◆ Action item ◆
Locate the line that contains "Bitwise Operator : simulink/Logic" in the entries below, then repeat it and every following line through the line that contains "Constant6 : Constant", exactly, and no others.

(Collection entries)
___
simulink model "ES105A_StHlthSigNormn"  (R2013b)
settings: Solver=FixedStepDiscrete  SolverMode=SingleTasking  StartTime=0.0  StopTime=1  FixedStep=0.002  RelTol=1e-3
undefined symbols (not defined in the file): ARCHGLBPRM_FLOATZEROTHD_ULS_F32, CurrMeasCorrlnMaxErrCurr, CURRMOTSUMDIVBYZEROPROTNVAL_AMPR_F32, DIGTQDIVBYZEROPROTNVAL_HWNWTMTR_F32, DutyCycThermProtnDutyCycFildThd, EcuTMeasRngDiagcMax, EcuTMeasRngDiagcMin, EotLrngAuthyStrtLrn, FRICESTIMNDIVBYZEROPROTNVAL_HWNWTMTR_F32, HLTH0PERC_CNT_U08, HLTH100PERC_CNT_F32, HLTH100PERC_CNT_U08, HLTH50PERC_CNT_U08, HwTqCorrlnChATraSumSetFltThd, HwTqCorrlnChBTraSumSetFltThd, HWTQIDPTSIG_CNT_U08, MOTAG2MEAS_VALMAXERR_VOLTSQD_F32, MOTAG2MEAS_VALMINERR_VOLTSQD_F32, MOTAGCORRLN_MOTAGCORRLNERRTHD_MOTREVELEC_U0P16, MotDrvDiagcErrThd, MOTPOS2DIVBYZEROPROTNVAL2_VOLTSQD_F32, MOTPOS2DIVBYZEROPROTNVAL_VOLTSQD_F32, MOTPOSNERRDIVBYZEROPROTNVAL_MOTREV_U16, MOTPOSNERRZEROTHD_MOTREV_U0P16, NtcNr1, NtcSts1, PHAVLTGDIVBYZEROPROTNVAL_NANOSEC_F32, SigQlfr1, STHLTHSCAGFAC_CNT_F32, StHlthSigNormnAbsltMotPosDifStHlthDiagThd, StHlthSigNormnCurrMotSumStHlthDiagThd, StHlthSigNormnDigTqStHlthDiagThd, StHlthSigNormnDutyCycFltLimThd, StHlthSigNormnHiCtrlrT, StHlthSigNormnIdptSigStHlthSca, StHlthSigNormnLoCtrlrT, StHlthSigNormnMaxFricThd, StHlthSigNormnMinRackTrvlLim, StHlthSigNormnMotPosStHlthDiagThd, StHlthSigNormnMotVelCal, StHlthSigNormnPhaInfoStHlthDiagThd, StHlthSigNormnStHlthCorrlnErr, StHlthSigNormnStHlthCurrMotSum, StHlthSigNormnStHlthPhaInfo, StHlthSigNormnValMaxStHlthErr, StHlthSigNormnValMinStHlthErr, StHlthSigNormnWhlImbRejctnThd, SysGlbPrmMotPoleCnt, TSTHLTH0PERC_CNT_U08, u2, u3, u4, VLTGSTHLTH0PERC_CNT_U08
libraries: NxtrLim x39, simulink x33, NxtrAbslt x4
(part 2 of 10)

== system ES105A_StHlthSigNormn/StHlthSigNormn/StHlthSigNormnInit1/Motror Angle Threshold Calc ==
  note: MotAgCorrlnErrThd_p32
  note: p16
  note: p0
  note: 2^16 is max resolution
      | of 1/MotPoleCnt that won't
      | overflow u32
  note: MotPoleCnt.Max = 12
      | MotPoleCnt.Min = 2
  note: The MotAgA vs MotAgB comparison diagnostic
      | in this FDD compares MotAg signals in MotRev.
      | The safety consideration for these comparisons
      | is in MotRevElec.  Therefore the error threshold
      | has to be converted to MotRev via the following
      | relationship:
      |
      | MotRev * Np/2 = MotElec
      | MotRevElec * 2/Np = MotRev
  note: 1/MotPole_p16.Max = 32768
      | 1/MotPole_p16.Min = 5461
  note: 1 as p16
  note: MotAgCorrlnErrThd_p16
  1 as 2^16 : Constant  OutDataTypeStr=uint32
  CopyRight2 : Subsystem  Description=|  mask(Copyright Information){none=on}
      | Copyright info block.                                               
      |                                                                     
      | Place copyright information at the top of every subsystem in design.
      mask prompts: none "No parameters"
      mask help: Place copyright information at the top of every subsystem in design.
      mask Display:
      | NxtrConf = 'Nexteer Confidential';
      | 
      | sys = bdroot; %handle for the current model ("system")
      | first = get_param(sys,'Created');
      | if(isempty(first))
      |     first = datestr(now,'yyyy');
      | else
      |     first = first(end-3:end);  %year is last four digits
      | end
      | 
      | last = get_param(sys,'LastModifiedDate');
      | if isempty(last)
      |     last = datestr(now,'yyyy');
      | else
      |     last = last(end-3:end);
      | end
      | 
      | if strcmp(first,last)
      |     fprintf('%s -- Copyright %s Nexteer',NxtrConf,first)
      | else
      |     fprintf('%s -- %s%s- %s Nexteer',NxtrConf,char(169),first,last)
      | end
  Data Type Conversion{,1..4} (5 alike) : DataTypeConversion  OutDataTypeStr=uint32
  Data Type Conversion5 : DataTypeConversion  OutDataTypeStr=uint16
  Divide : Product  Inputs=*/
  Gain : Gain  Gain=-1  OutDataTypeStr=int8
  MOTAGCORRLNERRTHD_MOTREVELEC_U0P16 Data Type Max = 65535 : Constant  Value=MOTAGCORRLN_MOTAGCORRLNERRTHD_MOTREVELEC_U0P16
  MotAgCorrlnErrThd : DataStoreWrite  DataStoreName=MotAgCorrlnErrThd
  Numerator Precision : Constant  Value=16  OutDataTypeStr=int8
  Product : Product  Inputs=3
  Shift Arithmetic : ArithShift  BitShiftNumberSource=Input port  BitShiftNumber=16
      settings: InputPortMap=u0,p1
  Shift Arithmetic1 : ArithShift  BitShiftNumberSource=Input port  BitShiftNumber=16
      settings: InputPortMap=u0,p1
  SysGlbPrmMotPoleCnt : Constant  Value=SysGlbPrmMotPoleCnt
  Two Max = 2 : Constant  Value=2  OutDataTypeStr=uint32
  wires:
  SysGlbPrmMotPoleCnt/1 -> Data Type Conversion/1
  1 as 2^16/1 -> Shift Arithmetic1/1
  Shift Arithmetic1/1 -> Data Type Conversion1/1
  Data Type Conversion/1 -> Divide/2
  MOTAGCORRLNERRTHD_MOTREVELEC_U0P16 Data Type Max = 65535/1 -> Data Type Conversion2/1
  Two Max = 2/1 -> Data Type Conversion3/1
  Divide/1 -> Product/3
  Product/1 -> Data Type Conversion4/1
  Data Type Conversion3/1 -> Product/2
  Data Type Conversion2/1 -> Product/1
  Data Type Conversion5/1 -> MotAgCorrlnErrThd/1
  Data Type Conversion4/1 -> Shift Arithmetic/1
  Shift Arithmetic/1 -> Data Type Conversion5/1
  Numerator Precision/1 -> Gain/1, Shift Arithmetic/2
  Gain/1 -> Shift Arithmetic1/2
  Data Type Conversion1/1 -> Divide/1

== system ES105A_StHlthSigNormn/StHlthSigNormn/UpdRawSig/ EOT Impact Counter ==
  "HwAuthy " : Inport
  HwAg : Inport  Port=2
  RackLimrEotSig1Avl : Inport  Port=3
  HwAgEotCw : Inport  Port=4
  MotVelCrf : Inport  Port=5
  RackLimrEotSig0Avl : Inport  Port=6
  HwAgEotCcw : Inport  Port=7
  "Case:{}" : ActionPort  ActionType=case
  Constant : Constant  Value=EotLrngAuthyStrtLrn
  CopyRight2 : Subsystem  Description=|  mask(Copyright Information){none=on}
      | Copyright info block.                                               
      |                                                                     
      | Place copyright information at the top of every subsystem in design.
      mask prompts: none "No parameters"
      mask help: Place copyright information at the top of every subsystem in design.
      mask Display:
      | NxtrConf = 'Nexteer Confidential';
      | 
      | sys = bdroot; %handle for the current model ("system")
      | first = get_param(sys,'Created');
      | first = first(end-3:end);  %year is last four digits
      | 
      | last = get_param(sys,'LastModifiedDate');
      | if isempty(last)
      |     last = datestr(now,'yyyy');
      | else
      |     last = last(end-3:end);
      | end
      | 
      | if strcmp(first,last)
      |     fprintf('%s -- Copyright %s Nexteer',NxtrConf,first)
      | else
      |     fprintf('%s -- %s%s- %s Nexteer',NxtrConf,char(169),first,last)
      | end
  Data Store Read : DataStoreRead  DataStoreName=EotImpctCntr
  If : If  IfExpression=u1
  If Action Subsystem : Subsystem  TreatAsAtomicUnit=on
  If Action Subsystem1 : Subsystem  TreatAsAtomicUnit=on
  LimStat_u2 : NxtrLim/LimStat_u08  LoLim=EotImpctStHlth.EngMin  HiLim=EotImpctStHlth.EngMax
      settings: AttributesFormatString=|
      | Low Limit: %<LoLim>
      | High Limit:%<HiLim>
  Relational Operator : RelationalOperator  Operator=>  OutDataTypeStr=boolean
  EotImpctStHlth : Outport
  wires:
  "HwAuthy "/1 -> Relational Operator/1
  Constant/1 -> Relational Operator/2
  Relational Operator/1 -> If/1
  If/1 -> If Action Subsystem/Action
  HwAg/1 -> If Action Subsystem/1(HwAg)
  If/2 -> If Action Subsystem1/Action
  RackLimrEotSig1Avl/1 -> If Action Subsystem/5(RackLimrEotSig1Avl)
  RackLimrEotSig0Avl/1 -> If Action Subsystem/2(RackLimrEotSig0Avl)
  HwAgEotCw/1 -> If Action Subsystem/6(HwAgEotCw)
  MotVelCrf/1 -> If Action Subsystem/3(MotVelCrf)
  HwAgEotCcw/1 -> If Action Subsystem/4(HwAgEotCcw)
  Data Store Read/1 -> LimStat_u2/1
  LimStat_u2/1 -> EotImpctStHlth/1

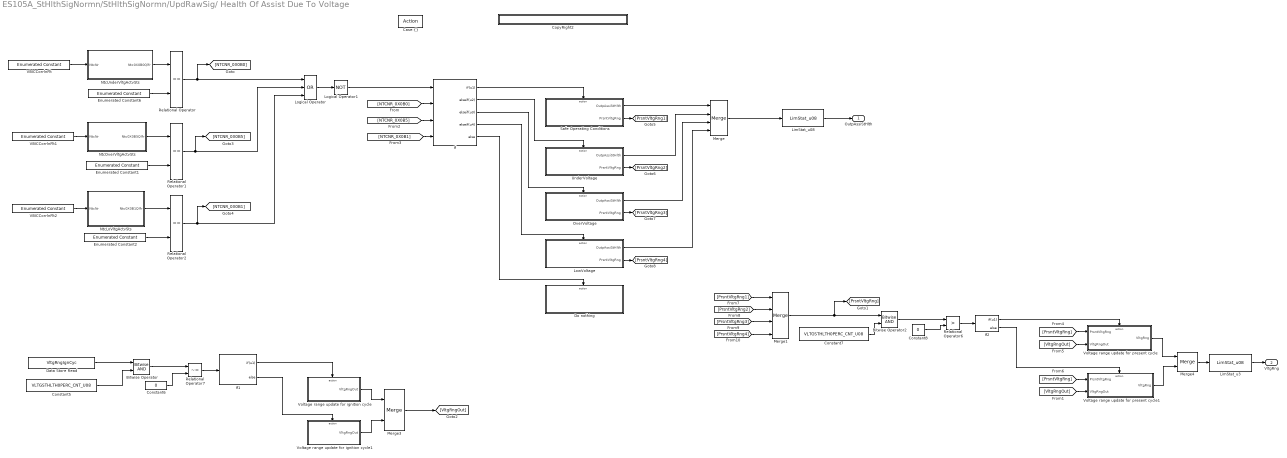
== system ES105A_StHlthSigNormn/StHlthSigNormn/UpdRawSig/ Health Of Assist Due To Voltage ==
  "Case:{}" : ActionPort  ActionType=case
  Bitwise Operator : simulink/Logic and Bit Operations/Bitwise Operator  logicop=AND  UseBitMask=off  NumInputPorts=2  BitMask=bin2dec('11011001')  BitMaskRealWorld=Stored Integer
  Bitwise Operator2 : simulink/Logic and Bit Operations/Bitwise Operator  logicop=AND  UseBitMask=off  NumInputPorts=2  BitMask=bin2dec('11011001')  BitMaskRealWorld=Stored Integer
  Constant5 : Constant  Value=VLTGSTHLTH0PERC_CNT_U08
  Constant6 : Constant  Value=0  OutDataTypeStr=uint8
      settings: AttributesFormatString=%<OutDataTypeStr>
  Constant7 : Constant  Value=VLTGSTHLTH0PERC_CNT_U08
  Constant8 : Constant  Value=0  OutDataTypeStr=uint8
      settings: AttributesFormatString=%<OutDataTypeStr>
  CopyRight2 : Subsystem  Description=|  mask(Copyright Information){none=on}
      | Copyright info block.                                               
      |                                                                     
      | Place copyright information at the top of every subsystem in design.
      mask prompts: none "No parameters"
      mask help: Place copyright information at the top of every subsystem in design.
      mask Display:
      | NxtrConf = 'Nexteer Confidential';
      | 
      | sys = bdroot; %handle for the current model ("system")
      | first = get_param(sys,'Created');
      | first = first(end-3:end);  %year is last four digits
      | 
      | last = get_param(sys,'LastModifiedDate');
      | if isempty(last)
      |     last = datestr(now,'yyyy');
      | else
      |     last = last(end-3:end);
      | end
      | 
      | if strcmp(first,last)
      |     fprintf('%s -- Copyright %s Nexteer',NxtrConf,first)
      | else
      |     fprintf('%s -- %s%s- %s Nexteer',NxtrConf,char(169),first,last)
      | end
  Data Store Read : DataStoreRead  DataStoreName=VltgRngIgnCyc
  Do nothing : Subsystem
  Enumerated Constant1 : simulink/Sources/Enumerated Constant  OutDataTypeStr=Enum: SigQlfr1  Value=SigQlfr1.SIGQLFR_FAILD  SampleTime=inf
  Enumerated Constant2 : simulink/Sources/Enumerated Constant  OutDataTypeStr=Enum: SigQlfr1  Value=SigQlfr1.SIGQLFR_FAILD  SampleTime=inf
  Enumerated Constant6 : simulink/Sources/Enumerated Constant  OutDataTypeStr=Enum: SigQlfr1  Value=SigQlfr1.SIGQLFR_FAILD  SampleTime=inf
  If : If  NumInputs=4  IfExpression=u1  ElseIfExpressions=u2,u3,u4
  If1 : If  IfExpression=u1
  If2 : If  IfExpression=u1
  LimStat_u08 : NxtrLim/LimStat_u08  LoLim=OutpAssiStHlth.EngMin  HiLim=OutpAssiStHlth.EngMax
      settings: AttributesFormatString=|
      | Low Limit: %<LoLim>
      | High Limit:%<HiLim>
  LimStat_u3 : NxtrLim/LimStat_u08  LoLim=VltgRng.EngMin  HiLim=VltgRng.EngMax
      settings: AttributesFormatString=|
      | Low Limit: %<LoLim>
      | High Limit:%<HiLim>
  Logical Operator : Logic  RequirementInfo={'linktype_rmi_doors' '0001022c (/ESG Group/FDD Module Requirements/EA4 Specific/ES105A_StHlthSigNormn)' '#ES105A_50' 'true' 'REQ: ES105A_50' '' } %GIDa_9a5ea61a_ea12_4910_a0fe_06a0e1905550  Operator=OR  Inputs=3  AllPortsSameDT=off  OutDataTypeStr=boolean
  Logical Operator1 : Logic  RequirementInfo={'linktype_rmi_doors' '0001022c (/ESG Group/FDD Module Requirements/EA4 Specific/ES105A_StHlthSigNormn)' '#ES105A_50' 'true' 'REQ: ES105A_50' '' } %GIDa_f3dc77f5_d391_4300_bddf_a50a41924f40  Operator=NOT  AllPortsSameDT=off  OutDataTypeStr=boolean
  LowVoltage : Subsystem  RequirementInfo={'linktype_rmi_doors' '0001022c (/ESG Group/FDD Module Requirements/EA4 Specific/ES105A_StHlthSigNormn)' '#ES105A_53' 'true' 'REQ: ES105A_53' '' } %GIDa_506e871b_8543_4634_a577_67c158e429f9
  Merge : Merge  Inputs=4
  Merge1 : Merge  Inputs=4
  Merge3 : Merge
  Merge4 : Merge
  NtcLoVltgActvSts : Subsystem  RequirementInfo={} %GIDa_d5ea79d0_4b56_4532_81dc_37f5b337e086  TreatAsAtomicUnit=on  mask(GetNTC){}
      mask help: GetNTC library block
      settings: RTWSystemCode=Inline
___
◆ Answer to the problem ◆
  Bitwise Operator : simulink/Logic and Bit Operations/Bitwise Operator  logicop=AND  UseBitMask=off  NumInputPorts=2  BitMask=bin2dec('11011001')  BitMaskRealWorld=Stored Integer
  Bitwise Operator2 : simulink/Logic and Bit Operations/Bitwise Operator  logicop=AND  UseBitMask=off  NumInputPorts=2  BitMask=bin2dec('11011001')  BitMaskRealWorld=Stored Integer
  Constant5 : Constant  Value=VLTGSTHLTH0PERC_CNT_U08
  Constant6 : Constant  Value=0  OutDataTypeStr=uint8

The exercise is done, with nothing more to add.